Required action
Write out every line of the data below exactly as given.

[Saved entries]
================
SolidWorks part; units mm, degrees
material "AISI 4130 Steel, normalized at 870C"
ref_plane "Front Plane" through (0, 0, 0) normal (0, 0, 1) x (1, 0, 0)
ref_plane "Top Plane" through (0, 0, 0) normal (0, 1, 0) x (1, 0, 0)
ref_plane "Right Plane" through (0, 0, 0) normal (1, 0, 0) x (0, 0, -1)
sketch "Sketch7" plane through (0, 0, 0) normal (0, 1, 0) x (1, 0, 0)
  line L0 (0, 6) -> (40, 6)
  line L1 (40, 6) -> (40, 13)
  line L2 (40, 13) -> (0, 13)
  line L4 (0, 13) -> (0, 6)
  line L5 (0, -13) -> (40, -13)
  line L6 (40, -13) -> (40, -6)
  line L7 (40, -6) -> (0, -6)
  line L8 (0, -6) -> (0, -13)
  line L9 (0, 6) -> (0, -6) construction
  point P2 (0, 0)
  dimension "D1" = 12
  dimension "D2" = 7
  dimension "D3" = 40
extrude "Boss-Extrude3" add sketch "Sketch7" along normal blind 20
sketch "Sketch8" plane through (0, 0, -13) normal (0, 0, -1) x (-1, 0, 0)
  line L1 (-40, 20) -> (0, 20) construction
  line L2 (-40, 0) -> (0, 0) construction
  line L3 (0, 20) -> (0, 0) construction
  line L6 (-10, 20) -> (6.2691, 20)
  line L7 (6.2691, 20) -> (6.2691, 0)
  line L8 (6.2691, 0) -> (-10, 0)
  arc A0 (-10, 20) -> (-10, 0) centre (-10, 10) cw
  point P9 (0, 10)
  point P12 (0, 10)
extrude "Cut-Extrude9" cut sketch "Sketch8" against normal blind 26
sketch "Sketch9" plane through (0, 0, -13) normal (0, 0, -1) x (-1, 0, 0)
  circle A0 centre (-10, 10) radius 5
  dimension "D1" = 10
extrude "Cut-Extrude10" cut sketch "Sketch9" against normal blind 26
================
Answer box
SolidWorks part; units mm, degrees
material "AISI 4130 Steel, normalized at 870C"
ref_plane "Front Plane" through (0, 0, 0) normal (0, 0, 1) x (1, 0, 0)
ref_plane "Top Plane" through (0, 0, 0) normal (0, 1, 0) x (1, 0, 0)
ref_plane "Right Plane" through (0, 0, 0) normal (1, 0, 0) x (0, 0, -1)
sketch "Sketch7" plane through (0, 0, 0) normal (0, 1, 0) x (1, 0, 0)
  line L0 (0, 6) -> (40, 6)
  line L1 (40, 6) -> (40, 13)
  line L2 (40, 13) -> (0, 13)
  line L4 (0, 13) -> (0, 6)
  line L5 (0, -13) -> (40, -13)
  line L6 (40, -13) -> (40, -6)
  line L7 (40, -6) -> (0, -6)
  line L8 (0, -6) -> (0, -13)
  line L9 (0, 6) -> (0, -6) construction
  point P2 (0, 0)
  dimension "D1" = 12
  dimension "D2" = 7
  dimension "D3" = 40
extrude "Boss-Extrude3" add sketch "Sketch7" along normal blind 20
sketch "Sketch8" plane through (0, 0, -13) normal (0, 0, -1) x (-1, 0, 0)
  line L1 (-40, 20) -> (0, 20) construction
  line L2 (-40, 0) -> (0, 0) construction
  line L3 (0, 20) -> (0, 0) construction
  line L6 (-10, 20) -> (6.2691, 20)
  line L7 (6.2691, 20) -> (6.2691, 0)
  line L8 (6.2691, 0) -> (-10, 0)
  arc A0 (-10, 20) -> (-10, 0) centre (-10, 10) cw
  point P9 (0, 10)
  point P12 (0, 10)
extrude "Cut-Extrude9" cut sketch "Sketch8" against normal blind 26
sketch "Sketch9" plane through (0, 0, -13) normal (0, 0, -1) x (-1, 0, 0)
  circle A0 centre (-10, 10) radius 5
  dimension "D1" = 10
extrude "Cut-Extrude10" cut sketch "Sketch9" against normal blind 26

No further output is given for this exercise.